Full Text - Section 47

--Mais c’est un combat à mort! s’écria Daniel.

--Nous ne le permettrons jamais! ajoutèrent ses deux témoins.

--Alors, répondit M. Lerambert avec une satisfaction visible, le duel est impossible, et l’affaire doit s’arranger.

--Eh! parbleu! dit Daniel, arrangez-la. Je n’ai soif du sang de personne, et je suis tout prêt à pardonner au capitaine les sots compliments qu’il m’a faits.

--Puis-je lui reporter vos paroles, monsieur?

--Assurément, monsieur.»

Voyez à quel point on portait l’oubli des formes et de l’étiquette! Daniel causait sur le terrain avec les témoins de son adversaire.

  1. Lerambert dit au capitaine: «Il est de bonne composition, il passe condamnation sur tout ce que vous lui avez dit: l’affaire est à demi arrangée.

--Nous en aurons bon marché, répondit M. de Marsal: ces héros de l’épée et du pistolet se fondent sur leur adresse.
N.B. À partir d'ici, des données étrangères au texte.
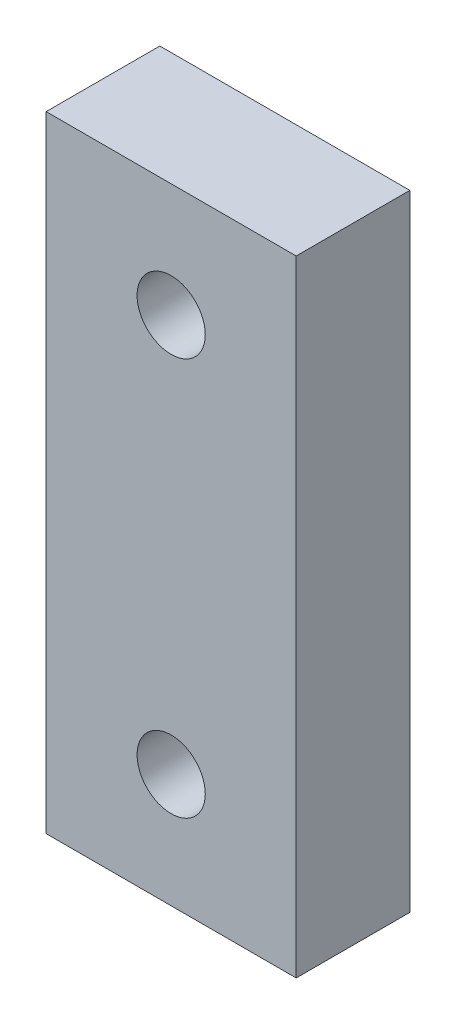
ISO-10303-21;
HEADER;
FILE_DESCRIPTION(('STEP AP214'),'2;1');
FILE_NAME('part.step','',(''),(''),'','','');
FILE_SCHEMA(('AUTOMOTIVE_DESIGN { 1 0 10303 214 1 1 1 1 }'));
ENDSEC;
DATA;
#1=APPLICATION_CONTEXT('core data for automotive mechanical design processes');
#2=APPLICATION_PROTOCOL_DEFINITION('international standard','automotive_design',2000,#1);
#3=PRODUCT_CONTEXT('',#1,'mechanical');
#4=PRODUCT('Part','Part','',(#3));
#5=PRODUCT_RELATED_PRODUCT_CATEGORY('part','',(#4));
#6=PRODUCT_DEFINITION_FORMATION('','',#4);
#7=PRODUCT_DEFINITION_CONTEXT('part definition',#1,'design');
#8=PRODUCT_DEFINITION('design','',#6,#7);
#9=PRODUCT_DEFINITION_SHAPE('','',#8);
#10=(LENGTH_UNIT() NAMED_UNIT(*) SI_UNIT(.MILLI.,.METRE.));
#11=(NAMED_UNIT(*) PLANE_ANGLE_UNIT() SI_UNIT($,.RADIAN.));
#12=(NAMED_UNIT(*) SI_UNIT($,.STERADIAN.) SOLID_ANGLE_UNIT());
#13=UNCERTAINTY_MEASURE_WITH_UNIT(LENGTH_MEASURE(1.E-05),#10,'distance_accuracy_value','');
#14=(GEOMETRIC_REPRESENTATION_CONTEXT(3) GLOBAL_UNCERTAINTY_ASSIGNED_CONTEXT((#13)) GLOBAL_UNIT_ASSIGNED_CONTEXT((#10,
#11,#12)) REPRESENTATION_CONTEXT('',''));
#15=CARTESIAN_POINT('',(0.,0.,0.));
#16=DIRECTION('',(0.,0.,1.));
#17=DIRECTION('',(1.,0.,0.));
#18=AXIS2_PLACEMENT_3D('',#15,#16,#17);
#19=CARTESIAN_POINT('',(5.5,13.755,5.));
#20=DIRECTION('',(-1.,0.,0.));
#21=DIRECTION('',(0.,-1.,0.));
#22=AXIS2_PLACEMENT_3D('',#19,#20,#21);
#23=PLANE('',#22);
#24=DIRECTION('',(0.,1.,0.));
#25=VECTOR('',#24,1.);
#26=CARTESIAN_POINT('',(5.5,13.755,0.));
#27=LINE('',#26,#25);
#28=CARTESIAN_POINT('',(5.5,-13.755,0.));
#29=VERTEX_POINT('',#28);
#30=CARTESIAN_POINT('',(5.5,13.755,0.));
#31=VERTEX_POINT('',#30);
#32=EDGE_CURVE('E100',#29,#31,#27,.T.);
#33=ORIENTED_EDGE('',*,*,#32,.T.);
#34=DIRECTION('',(0.,0.,-1.));
#35=VECTOR('',#34,1.);
#36=CARTESIAN_POINT('',(5.5,13.755,5.));
#37=LINE('',#36,#35);
#38=CARTESIAN_POINT('',(5.5,13.755,5.));
#39=VERTEX_POINT('',#38);
#40=EDGE_CURVE('E11',#39,#31,#37,.T.);
#41=ORIENTED_EDGE('',*,*,#40,.F.);
#42=DIRECTION('',(0.,1.,0.));
#43=VECTOR('',#42,1.);
#44=CARTESIAN_POINT('',(5.5,13.755,5.));
#45=LINE('',#44,#43);
#46=CARTESIAN_POINT('',(5.5,-13.755,5.));
#47=VERTEX_POINT('',#46);
#48=EDGE_CURVE('E88',#47,#39,#45,.T.);
#49=ORIENTED_EDGE('',*,*,#48,.F.);
#50=DIRECTION('',(0.,0.,-1.));
#51=VECTOR('',#50,1.);
#52=CARTESIAN_POINT('',(5.5,-13.755,5.));
#53=LINE('',#52,#51);
#54=EDGE_CURVE('E96',#47,#29,#53,.T.);
#55=ORIENTED_EDGE('',*,*,#54,.T.);
#56=EDGE_LOOP('',(#33,#41,#49,#55));
#57=FACE_BOUND('',#56,.T.);
#58=ADVANCED_FACE('F37',(#57),#23,.F.);
#59=CARTESIAN_POINT('',(-5.5,13.755,5.));
#60=DIRECTION('',(0.,-1.,0.));
#61=DIRECTION('',(0.,0.,-1.));
#62=AXIS2_PLACEMENT_3D('',#59,#60,#61);
#63=PLANE('',#62);
#64=DIRECTION('',(-1.,0.,0.));
#65=VECTOR('',#64,1.);
#66=CARTESIAN_POINT('',(-5.5,13.755,0.));
#67=LINE('',#66,#65);
#68=CARTESIAN_POINT('',(-5.5,13.755,0.));
#69=VERTEX_POINT('',#68);
#70=EDGE_CURVE('E92',#31,#69,#67,.T.);
#71=ORIENTED_EDGE('',*,*,#70,.T.);
#72=DIRECTION('',(0.,0.,-1.));
#73=VECTOR('',#72,1.);
#74=CARTESIAN_POINT('',(-5.5,13.755,5.));
#75=LINE('',#74,#73);
#76=CARTESIAN_POINT('',(-5.5,13.755,5.));
#77=VERTEX_POINT('',#76);
#78=EDGE_CURVE('E45',#77,#69,#75,.T.);
#79=ORIENTED_EDGE('',*,*,#78,.F.);
#80=DIRECTION('',(-1.,0.,0.));
#81=VECTOR('',#80,1.);
#82=CARTESIAN_POINT('',(-5.5,13.755,5.));
#83=LINE('',#82,#81);
#84=EDGE_CURVE('E83',#39,#77,#83,.T.);
#85=ORIENTED_EDGE('',*,*,#84,.F.);
#86=ORIENTED_EDGE('',*,*,#40,.T.);
#87=EDGE_LOOP('',(#71,#79,#85,#86));
#88=FACE_BOUND('',#87,.T.);
#89=ADVANCED_FACE('F91',(#88),#63,.F.);
#90=CARTESIAN_POINT('',(-5.5,13.755,5.));
#91=DIRECTION('',(1.,0.,0.));
#92=DIRECTION('',(0.,1.,0.));
#93=AXIS2_PLACEMENT_3D('',#90,#91,#92);
#94=PLANE('',#93);
#95=DIRECTION('',(0.,-1.,0.));
#96=VECTOR('',#95,1.);
#97=CARTESIAN_POINT('',(-5.5,13.755,0.));
#98=LINE('',#97,#96);
#99=CARTESIAN_POINT('',(-5.5,-13.755,0.));
#100=VERTEX_POINT('',#99);
#101=EDGE_CURVE('E70',#69,#100,#98,.T.);
#102=ORIENTED_EDGE('',*,*,#101,.T.);
#103=DIRECTION('',(0.,0.,-1.));
#104=VECTOR('',#103,1.);
#105=CARTESIAN_POINT('',(-5.5,-13.755,5.));
#106=LINE('',#105,#104);
#107=CARTESIAN_POINT('',(-5.5,-13.755,5.));
#108=VERTEX_POINT('',#107);
#109=EDGE_CURVE('E93',#108,#100,#106,.T.);
#110=ORIENTED_EDGE('',*,*,#109,.F.);
#111=DIRECTION('',(0.,-1.,0.));
#112=VECTOR('',#111,1.);
#113=CARTESIAN_POINT('',(-5.5,13.755,5.));
#114=LINE('',#113,#112);
#115=EDGE_CURVE('E86',#77,#108,#114,.T.);
#116=ORIENTED_EDGE('',*,*,#115,.F.);
#117=ORIENTED_EDGE('',*,*,#78,.T.);
#118=EDGE_LOOP('',(#102,#110,#116,#117));
#119=FACE_BOUND('',#118,.T.);
#120=ADVANCED_FACE('F94',(#119),#94,.F.);
#121=CARTESIAN_POINT('',(-5.5,-13.755,5.));
#122=DIRECTION('',(0.,1.,0.));
#123=DIRECTION('',(0.,0.,1.));
#124=AXIS2_PLACEMENT_3D('',#121,#122,#123);
#125=PLANE('',#124);
#126=DIRECTION('',(1.,0.,0.));
#127=VECTOR('',#126,1.);
#128=CARTESIAN_POINT('',(-5.5,-13.755,0.));
#129=LINE('',#128,#127);
#130=EDGE_CURVE('E76',#100,#29,#129,.T.);
#131=ORIENTED_EDGE('',*,*,#130,.T.);
#132=ORIENTED_EDGE('',*,*,#54,.F.);
#133=DIRECTION('',(1.,0.,0.));
#134=VECTOR('',#133,1.);
#135=CARTESIAN_POINT('',(-5.5,-13.755,5.));
#136=LINE('',#135,#134);
#137=EDGE_CURVE('E53',#108,#47,#136,.T.);
#138=ORIENTED_EDGE('',*,*,#137,.F.);
#139=ORIENTED_EDGE('',*,*,#109,.T.);
#140=EDGE_LOOP('',(#131,#132,#138,#139));
#141=FACE_BOUND('',#140,.T.);
#142=ADVANCED_FACE('F108',(#141),#125,.F.);
#143=CARTESIAN_POINT('',(0.,0.,5.));
#144=DIRECTION('',(0.,0.,1.));
#145=DIRECTION('',(1.,0.,0.));
#146=AXIS2_PLACEMENT_3D('',#143,#144,#145);
#147=PLANE('',#146);
#148=CARTESIAN_POINT('',(0.,8.755,5.));
#149=DIRECTION('',(0.,0.,1.));
#150=DIRECTION('',(1.,0.,0.));
#151=AXIS2_PLACEMENT_3D('',#148,#149,#150);
#152=CIRCLE('',#151,1.5);
#153=CARTESIAN_POINT('',(1.5,8.755,5.));
#154=VERTEX_POINT('',#153);
#155=EDGE_CURVE('E120',#154,#154,#152,.T.);
#156=ORIENTED_EDGE('',*,*,#155,.F.);
#157=EDGE_LOOP('',(#156));
#158=FACE_BOUND('',#157,.T.);
#159=CARTESIAN_POINT('',(0.,-8.745,5.));
#160=DIRECTION('',(0.,0.,1.));
#161=DIRECTION('',(1.,0.,0.));
#162=AXIS2_PLACEMENT_3D('',#159,#160,#161);
#163=CIRCLE('',#162,1.5);
#164=CARTESIAN_POINT('',(1.5,-8.745,5.));
#165=VERTEX_POINT('',#164);
#166=EDGE_CURVE('E114',#165,#165,#163,.T.);
#167=ORIENTED_EDGE('',*,*,#166,.F.);
#168=EDGE_LOOP('',(#167));
#169=FACE_BOUND('',#168,.T.);
#170=ORIENTED_EDGE('',*,*,#48,.T.);
#171=ORIENTED_EDGE('',*,*,#84,.T.);
#172=ORIENTED_EDGE('',*,*,#115,.T.);
#173=ORIENTED_EDGE('',*,*,#137,.T.);
#174=EDGE_LOOP('',(#170,#171,#172,#173));
#175=FACE_BOUND('',#174,.T.);
#176=ADVANCED_FACE('F84',(#158,#169,#175),#147,.T.);
#177=CARTESIAN_POINT('',(0.,0.,0.));
#178=DIRECTION('',(0.,0.,1.));
#179=DIRECTION('',(1.,0.,0.));
#180=AXIS2_PLACEMENT_3D('',#177,#178,#179);
#181=PLANE('',#180);
#182=CARTESIAN_POINT('',(0.,8.755,0.));
#183=DIRECTION('',(0.,0.,1.));
#184=DIRECTION('',(1.,0.,0.));
#185=AXIS2_PLACEMENT_3D('',#182,#183,#184);
#186=CIRCLE('',#185,1.5);
#187=CARTESIAN_POINT('',(1.5,8.755,0.));
#188=VERTEX_POINT('',#187);
#189=EDGE_CURVE('E103',#188,#188,#186,.T.);
#190=ORIENTED_EDGE('',*,*,#189,.T.);
#191=EDGE_LOOP('',(#190));
#192=FACE_BOUND('',#191,.T.);
#193=CARTESIAN_POINT('',(0.,-8.745,0.));
#194=DIRECTION('',(0.,0.,1.));
#195=DIRECTION('',(1.,0.,0.));
#196=AXIS2_PLACEMENT_3D('',#193,#194,#195);
#197=CIRCLE('',#196,1.5);
#198=CARTESIAN_POINT('',(1.5,-8.745,0.));
#199=VERTEX_POINT('',#198);
#200=EDGE_CURVE('E117',#199,#199,#197,.T.);
#201=ORIENTED_EDGE('',*,*,#200,.T.);
#202=EDGE_LOOP('',(#201));
#203=FACE_BOUND('',#202,.T.);
#204=ORIENTED_EDGE('',*,*,#32,.F.);
#205=ORIENTED_EDGE('',*,*,#130,.F.);
#206=ORIENTED_EDGE('',*,*,#101,.F.);
#207=ORIENTED_EDGE('',*,*,#70,.F.);
#208=EDGE_LOOP('',(#204,#205,#206,#207));
#209=FACE_BOUND('',#208,.T.);
#210=ADVANCED_FACE('F111',(#192,#203,#209),#181,.F.);
#211=CARTESIAN_POINT('',(0.,-8.745,0.));
#212=DIRECTION('',(0.,0.,1.));
#213=DIRECTION('',(1.,0.,0.));
#214=AXIS2_PLACEMENT_3D('',#211,#212,#213);
#215=CYLINDRICAL_SURFACE('',#214,1.5);
#216=ORIENTED_EDGE('',*,*,#200,.F.);
#217=EDGE_LOOP('',(#216));
#218=FACE_BOUND('',#217,.T.);
#219=ORIENTED_EDGE('',*,*,#166,.T.);
#220=EDGE_LOOP('',(#219));
#221=FACE_BOUND('',#220,.T.);
#222=ADVANCED_FACE('F131',(#218,#221),#215,.F.);
#223=CARTESIAN_POINT('',(0.,8.755,0.));
#224=DIRECTION('',(0.,0.,1.));
#225=DIRECTION('',(1.,0.,0.));
#226=AXIS2_PLACEMENT_3D('',#223,#224,#225);
#227=CYLINDRICAL_SURFACE('',#226,1.5);
#228=ORIENTED_EDGE('',*,*,#189,.F.);
#229=EDGE_LOOP('',(#228));
#230=FACE_BOUND('',#229,.T.);
#231=ORIENTED_EDGE('',*,*,#155,.T.);
#232=EDGE_LOOP('',(#231));
#233=FACE_BOUND('',#232,.T.);
#234=ADVANCED_FACE('F128',(#230,#233),#227,.F.);
#235=CLOSED_SHELL('',(#58,#89,#120,#142,#176,#210,#222,#234));
#236=MANIFOLD_SOLID_BREP('B2',#235);
#237=ADVANCED_BREP_SHAPE_REPRESENTATION('',(#18,#236),#14);
#238=SHAPE_DEFINITION_REPRESENTATION(#9,#237);
ENDSEC;
END-ISO-10303-21;

Ils refusent le jeu dès que la partie devient égale. Demandez, je vous prie, quelles excuses il me fera pour la grossièreté de sa conduite.»

  1. Lerambert traversa de nouveau le terrain neutre qui traversait les deux camps ennemis. Il s’adressa directement à Daniel et lui dit:

«M. de Marsal a appris avec plaisir que vous ne lui saviez plus mauvais gré de ses paroles; il espère, monsieur, que vous voudrez bien donner une nouvelle preuve de courtoisie en lui demandant pardon de…​.»

Daniel n’en entendit pas davantage. «Monsieur, dit-il de sa voix la plus hautaine, je ne demande pardon à personne, surtout aux gens qui m’ont insulté. Veuillez décharger un pistolet!

--Mais, monsieur…​.

--Pas de mais, je vous prie. Les plaisanteries les plus courtes sont les meilleures, et celle-ci dure depuis trop longtemps!»

Il était beau dans sa colère, et ses grands cheveux noirs frémissaient magnifiquement sur son front. Ses témoins essayèrent de le calmer; il ne voulut rien entendre. Le capitaine, un peu refroidi, lui envoya M. Lerambert; il répondit qu’il ne demandait pas des explications, mais des pistolets.

  1. de Marsal, pâle comme un mort, remit les armes à ses témoins. Daniel les examina une à une avec un soin méticuleux. «Canons épais, dit-il, acier sec, un peu aigre et cassant; bonnes armes du reste. Qui les a chargées?

--L’armurier de M. de Marsal.

--Avez-vous apporté de la poudre et des balles?

--Oui, monsieur. Vous plaît-il que nous rechargions devant vous?

--C’est inutile.» Il prit un pistolet et le tira en l’air.

«Ils sont bien chargés, dit-il. Soyez assez bon, monsieur, pour remettre une amorce.»

Les deux pistolets furent enveloppés dans un foulard; M. de Marsal en choisit un, l’artiste prit l’autre. Le peintre, qui avait les jambes longues, mesura cinq énormes pas. Les quatre témoins se retirèrent à l’écart en sanglotant.

«Messieurs, dit M. Lerambert d’une voix haletante, je frapperai trois coups dans mes mains, vous tirerez quand vous voudrez.»

Daniel tira le premier; l’amorce seule partit. Son pistolet n’était pas chargé.

  1. de Marsal, plus blême que jamais, resta quelques secondes à sa place, le bras tendu, le canon dirigé sur la poitrine de Daniel. Ses jambes se dérobaient sous lui, ses yeux nageaient dans l’incertitude et la crainte; tout son corps vacillait comme un bouleau secoué par le vent. Dans un pareil moment, les secondes sont plus longues que des années. Daniel, le corps effacé, la poitrine abritée par son bras droit, la tête à demi cachée derrière son pistolet, eut le temps de perdre patience.